# Planning on moving to Canada



## y0alex69 (Sep 29, 2013)

Hello everybody, this is my first post here. 

My name is Alex and I plan on moving to Canada within the next three years.
I am 17 years old at the moment; turn 18 in December. 

I am from Newcastle in Australia and I moved abroad alone to Christchurch in New Zealand when I was 16 so I do get the basic idea of how it works, but I have no idea with anything about Canada.
I think I just need some assistance with choosing where I should move to, how to find a job there when I first arrive, bank accounts and driving permits, etc. Just all of the basics really.

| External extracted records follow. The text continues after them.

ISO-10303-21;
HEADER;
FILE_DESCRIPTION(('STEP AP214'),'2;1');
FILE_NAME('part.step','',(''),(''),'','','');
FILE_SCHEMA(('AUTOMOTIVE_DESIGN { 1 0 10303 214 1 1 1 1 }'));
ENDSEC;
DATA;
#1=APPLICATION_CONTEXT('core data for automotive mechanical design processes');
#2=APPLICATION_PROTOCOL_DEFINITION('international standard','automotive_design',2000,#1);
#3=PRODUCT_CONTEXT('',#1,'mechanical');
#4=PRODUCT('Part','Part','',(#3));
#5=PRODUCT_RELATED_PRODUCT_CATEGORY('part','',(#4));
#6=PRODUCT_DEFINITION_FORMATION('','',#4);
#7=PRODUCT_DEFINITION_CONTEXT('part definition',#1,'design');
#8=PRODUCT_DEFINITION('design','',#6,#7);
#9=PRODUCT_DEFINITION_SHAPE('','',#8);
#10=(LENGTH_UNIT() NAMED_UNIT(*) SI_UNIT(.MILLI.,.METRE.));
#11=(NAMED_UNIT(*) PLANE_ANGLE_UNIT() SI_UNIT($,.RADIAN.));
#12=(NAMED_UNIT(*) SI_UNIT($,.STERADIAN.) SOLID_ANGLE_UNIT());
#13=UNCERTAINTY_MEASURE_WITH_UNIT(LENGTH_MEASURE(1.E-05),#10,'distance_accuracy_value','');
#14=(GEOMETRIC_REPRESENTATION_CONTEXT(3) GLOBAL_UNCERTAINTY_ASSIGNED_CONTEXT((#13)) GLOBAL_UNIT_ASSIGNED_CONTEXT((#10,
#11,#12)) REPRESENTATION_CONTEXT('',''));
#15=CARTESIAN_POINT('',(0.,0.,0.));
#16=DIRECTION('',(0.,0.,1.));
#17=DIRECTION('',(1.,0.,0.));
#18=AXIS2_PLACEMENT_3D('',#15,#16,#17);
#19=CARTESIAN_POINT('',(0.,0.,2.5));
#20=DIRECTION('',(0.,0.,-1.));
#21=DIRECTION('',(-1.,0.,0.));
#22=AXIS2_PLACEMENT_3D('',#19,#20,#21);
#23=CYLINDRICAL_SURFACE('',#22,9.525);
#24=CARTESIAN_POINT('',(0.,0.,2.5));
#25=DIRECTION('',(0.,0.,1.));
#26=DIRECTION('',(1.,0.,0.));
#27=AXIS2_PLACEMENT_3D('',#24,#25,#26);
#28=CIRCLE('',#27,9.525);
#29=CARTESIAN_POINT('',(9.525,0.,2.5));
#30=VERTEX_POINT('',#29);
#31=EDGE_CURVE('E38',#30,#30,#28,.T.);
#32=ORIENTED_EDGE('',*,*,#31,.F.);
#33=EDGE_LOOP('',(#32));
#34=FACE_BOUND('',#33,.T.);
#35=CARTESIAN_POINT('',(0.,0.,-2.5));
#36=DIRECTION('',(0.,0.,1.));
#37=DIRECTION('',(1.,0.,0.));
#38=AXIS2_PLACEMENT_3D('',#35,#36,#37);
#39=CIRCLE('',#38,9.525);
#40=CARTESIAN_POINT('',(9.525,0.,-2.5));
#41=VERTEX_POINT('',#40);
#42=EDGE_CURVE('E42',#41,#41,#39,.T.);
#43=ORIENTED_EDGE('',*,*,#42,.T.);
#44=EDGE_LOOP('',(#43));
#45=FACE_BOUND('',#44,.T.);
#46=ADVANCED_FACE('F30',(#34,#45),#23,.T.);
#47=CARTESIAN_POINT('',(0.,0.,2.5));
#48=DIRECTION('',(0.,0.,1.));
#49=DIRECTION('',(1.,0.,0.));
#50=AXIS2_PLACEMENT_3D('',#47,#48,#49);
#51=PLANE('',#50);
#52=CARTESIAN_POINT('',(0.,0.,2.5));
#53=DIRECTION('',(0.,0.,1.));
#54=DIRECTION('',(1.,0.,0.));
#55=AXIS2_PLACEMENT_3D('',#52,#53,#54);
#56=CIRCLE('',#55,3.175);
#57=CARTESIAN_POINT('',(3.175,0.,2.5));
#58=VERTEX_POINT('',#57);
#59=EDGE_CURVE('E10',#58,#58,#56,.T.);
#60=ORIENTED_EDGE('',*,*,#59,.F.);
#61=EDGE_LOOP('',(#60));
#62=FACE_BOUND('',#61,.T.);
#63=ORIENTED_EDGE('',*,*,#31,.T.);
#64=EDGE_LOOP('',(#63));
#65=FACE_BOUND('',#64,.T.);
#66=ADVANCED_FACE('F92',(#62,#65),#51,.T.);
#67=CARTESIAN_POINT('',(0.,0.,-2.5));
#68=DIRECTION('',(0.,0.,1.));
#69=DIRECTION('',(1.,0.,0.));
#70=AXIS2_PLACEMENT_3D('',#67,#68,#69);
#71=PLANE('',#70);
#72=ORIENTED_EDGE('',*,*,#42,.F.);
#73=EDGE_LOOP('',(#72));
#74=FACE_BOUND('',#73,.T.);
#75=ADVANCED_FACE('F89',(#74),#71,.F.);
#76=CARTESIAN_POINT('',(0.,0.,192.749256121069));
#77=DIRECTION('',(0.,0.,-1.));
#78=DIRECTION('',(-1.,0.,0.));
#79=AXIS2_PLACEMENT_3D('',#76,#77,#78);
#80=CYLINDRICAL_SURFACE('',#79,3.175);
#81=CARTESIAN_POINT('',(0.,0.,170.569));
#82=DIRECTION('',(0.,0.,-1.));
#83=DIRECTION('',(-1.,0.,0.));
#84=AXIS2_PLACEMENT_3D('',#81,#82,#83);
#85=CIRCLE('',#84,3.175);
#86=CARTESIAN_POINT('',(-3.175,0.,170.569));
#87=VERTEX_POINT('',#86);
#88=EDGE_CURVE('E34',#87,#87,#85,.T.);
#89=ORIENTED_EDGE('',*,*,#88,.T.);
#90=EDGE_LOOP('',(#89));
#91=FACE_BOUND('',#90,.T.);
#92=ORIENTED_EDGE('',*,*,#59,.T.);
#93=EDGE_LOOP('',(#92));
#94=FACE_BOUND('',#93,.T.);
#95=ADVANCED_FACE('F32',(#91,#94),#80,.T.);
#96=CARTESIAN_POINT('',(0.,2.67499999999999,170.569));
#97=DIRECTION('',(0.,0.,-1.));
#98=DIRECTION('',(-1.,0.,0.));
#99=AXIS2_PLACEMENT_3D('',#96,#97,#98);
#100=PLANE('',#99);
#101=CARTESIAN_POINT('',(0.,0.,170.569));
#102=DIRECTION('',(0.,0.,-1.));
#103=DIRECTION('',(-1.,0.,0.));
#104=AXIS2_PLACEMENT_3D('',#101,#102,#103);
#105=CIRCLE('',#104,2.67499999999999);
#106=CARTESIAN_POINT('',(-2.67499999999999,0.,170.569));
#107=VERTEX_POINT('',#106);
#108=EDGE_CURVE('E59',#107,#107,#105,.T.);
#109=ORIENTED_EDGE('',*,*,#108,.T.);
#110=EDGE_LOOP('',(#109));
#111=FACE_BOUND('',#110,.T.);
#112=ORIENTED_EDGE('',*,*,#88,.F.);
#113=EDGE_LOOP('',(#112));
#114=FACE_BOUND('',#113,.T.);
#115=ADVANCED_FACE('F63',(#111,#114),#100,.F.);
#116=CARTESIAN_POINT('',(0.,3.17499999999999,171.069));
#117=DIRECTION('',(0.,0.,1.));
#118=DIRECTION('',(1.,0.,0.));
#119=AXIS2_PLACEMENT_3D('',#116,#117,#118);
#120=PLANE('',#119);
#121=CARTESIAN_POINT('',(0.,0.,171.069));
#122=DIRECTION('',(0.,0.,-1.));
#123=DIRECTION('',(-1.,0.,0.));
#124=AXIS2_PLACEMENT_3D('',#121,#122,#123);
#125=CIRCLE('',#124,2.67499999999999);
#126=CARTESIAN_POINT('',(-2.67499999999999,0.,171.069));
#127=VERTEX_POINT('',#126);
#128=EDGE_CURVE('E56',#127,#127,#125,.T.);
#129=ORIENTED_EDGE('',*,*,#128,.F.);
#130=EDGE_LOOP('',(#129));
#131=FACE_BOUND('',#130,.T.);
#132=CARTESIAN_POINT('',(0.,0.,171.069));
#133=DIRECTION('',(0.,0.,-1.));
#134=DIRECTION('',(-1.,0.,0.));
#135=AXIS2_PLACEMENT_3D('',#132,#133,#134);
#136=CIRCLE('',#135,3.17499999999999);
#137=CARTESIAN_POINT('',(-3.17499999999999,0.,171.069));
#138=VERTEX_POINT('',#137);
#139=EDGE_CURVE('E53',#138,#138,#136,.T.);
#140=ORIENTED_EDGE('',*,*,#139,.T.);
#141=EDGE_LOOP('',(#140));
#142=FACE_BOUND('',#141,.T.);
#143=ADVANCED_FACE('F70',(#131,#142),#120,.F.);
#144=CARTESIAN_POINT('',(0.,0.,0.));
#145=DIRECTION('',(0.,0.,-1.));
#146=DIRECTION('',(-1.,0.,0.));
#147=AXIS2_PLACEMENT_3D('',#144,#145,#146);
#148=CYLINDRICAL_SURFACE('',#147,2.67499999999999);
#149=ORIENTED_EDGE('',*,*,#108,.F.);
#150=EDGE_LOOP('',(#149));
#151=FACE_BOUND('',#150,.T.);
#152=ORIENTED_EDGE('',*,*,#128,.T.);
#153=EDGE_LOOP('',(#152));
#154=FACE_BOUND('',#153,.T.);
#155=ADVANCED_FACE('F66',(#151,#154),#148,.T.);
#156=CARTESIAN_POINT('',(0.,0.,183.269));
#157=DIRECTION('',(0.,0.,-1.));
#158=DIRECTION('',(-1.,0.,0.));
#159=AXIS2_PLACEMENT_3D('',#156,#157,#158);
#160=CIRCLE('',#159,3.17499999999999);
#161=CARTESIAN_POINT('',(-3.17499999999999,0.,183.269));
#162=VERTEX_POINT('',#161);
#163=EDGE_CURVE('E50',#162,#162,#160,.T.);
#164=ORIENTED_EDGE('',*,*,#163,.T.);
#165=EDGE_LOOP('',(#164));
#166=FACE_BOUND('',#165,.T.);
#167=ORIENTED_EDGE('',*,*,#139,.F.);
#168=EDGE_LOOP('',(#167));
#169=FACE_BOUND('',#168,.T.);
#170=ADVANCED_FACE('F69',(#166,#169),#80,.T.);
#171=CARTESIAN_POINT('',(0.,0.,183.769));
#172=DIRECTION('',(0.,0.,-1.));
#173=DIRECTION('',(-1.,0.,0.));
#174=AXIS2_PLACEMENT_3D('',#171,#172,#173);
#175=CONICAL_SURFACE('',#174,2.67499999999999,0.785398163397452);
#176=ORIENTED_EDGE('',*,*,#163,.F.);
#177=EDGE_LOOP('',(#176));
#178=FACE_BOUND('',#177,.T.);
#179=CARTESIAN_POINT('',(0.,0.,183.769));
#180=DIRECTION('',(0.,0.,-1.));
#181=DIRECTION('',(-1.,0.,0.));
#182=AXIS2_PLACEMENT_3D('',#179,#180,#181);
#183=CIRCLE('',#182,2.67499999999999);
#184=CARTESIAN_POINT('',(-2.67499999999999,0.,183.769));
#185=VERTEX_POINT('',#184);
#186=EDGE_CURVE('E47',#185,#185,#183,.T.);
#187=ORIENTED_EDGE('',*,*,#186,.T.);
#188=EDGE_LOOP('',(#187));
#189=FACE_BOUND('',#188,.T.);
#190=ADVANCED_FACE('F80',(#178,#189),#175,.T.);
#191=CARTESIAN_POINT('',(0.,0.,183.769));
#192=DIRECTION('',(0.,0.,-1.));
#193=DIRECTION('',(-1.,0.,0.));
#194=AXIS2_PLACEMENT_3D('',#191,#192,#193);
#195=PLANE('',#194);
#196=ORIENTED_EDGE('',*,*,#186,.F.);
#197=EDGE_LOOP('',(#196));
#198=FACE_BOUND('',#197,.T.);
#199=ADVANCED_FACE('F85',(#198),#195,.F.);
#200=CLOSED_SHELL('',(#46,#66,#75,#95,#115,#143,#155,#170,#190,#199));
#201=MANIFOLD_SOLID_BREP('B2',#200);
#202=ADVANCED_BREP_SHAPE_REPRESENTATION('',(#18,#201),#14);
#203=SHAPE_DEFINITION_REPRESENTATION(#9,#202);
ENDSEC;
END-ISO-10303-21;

It sounds a bit absurd planning this far ahead, but I am the type of person who likes to plan everything very early on so it is all sorted out by the time I take action.


----------



## Jrge (Mar 22, 2011)

Hi,


y0alex69 said:


> Hello everybody, this is my first post here.
> 
> My name is Alex and I plan on moving to Canada within the next three years.
> I am 17 years old at the moment; turn 18 in December.
> ...


Welcome to the Forum! 

There's nothing wrong on being proactive. However, before you learn how to arrange bank accounts, obtain a driver's license or sort out the basics, you need to legally get here and to do so, this is a good starting point: Home - Citizenship and Immigration Canada - Canada.

Animo
(Cheers)


----------



## y0alex69 (Sep 29, 2013)

Thank you Jrge for the reference.
Unfortunately I am not eligible to emigrate to Canada. Thank you again for that reference though!


----------



## Auld Yin (Mar 10, 2009)

Given your age you need to look at IEC (Internetional Experience Canada) which could provide you with a WHV (Working Holiday Visa). Many Austalian young people come to Canada using this method.


----------



## y0alex69 (Sep 29, 2013)

That is what I also tried before. Thank you though


----------



## Auld Yin (Mar 10, 2009)

If you tried before you were probably too young. What was the reason for your refusal? You said before about coming to Canada within three years. You should be old enough then to apply.


----------



## y0alex69 (Sep 29, 2013)

You do make a valid point; that could just be it. Thank you


----------



## RGS (Jan 24, 2011)

y0alex69 said:


> Hello everybody, this is my first post here.
> 
> My name is Alex and I plan on moving to Canada within the next three years.
> I am 17 years old at the moment; turn 18 in December.
> ...


You probably won't qualify for any type of immigration programs (yet) until you're of age (18 years and over). If you go to any of the Canadian immigration pre-qualification web sites and fill them out as an 18+ years person, you may find that you qualify.

Out of curiosity, why do you want to move to Canada?


----------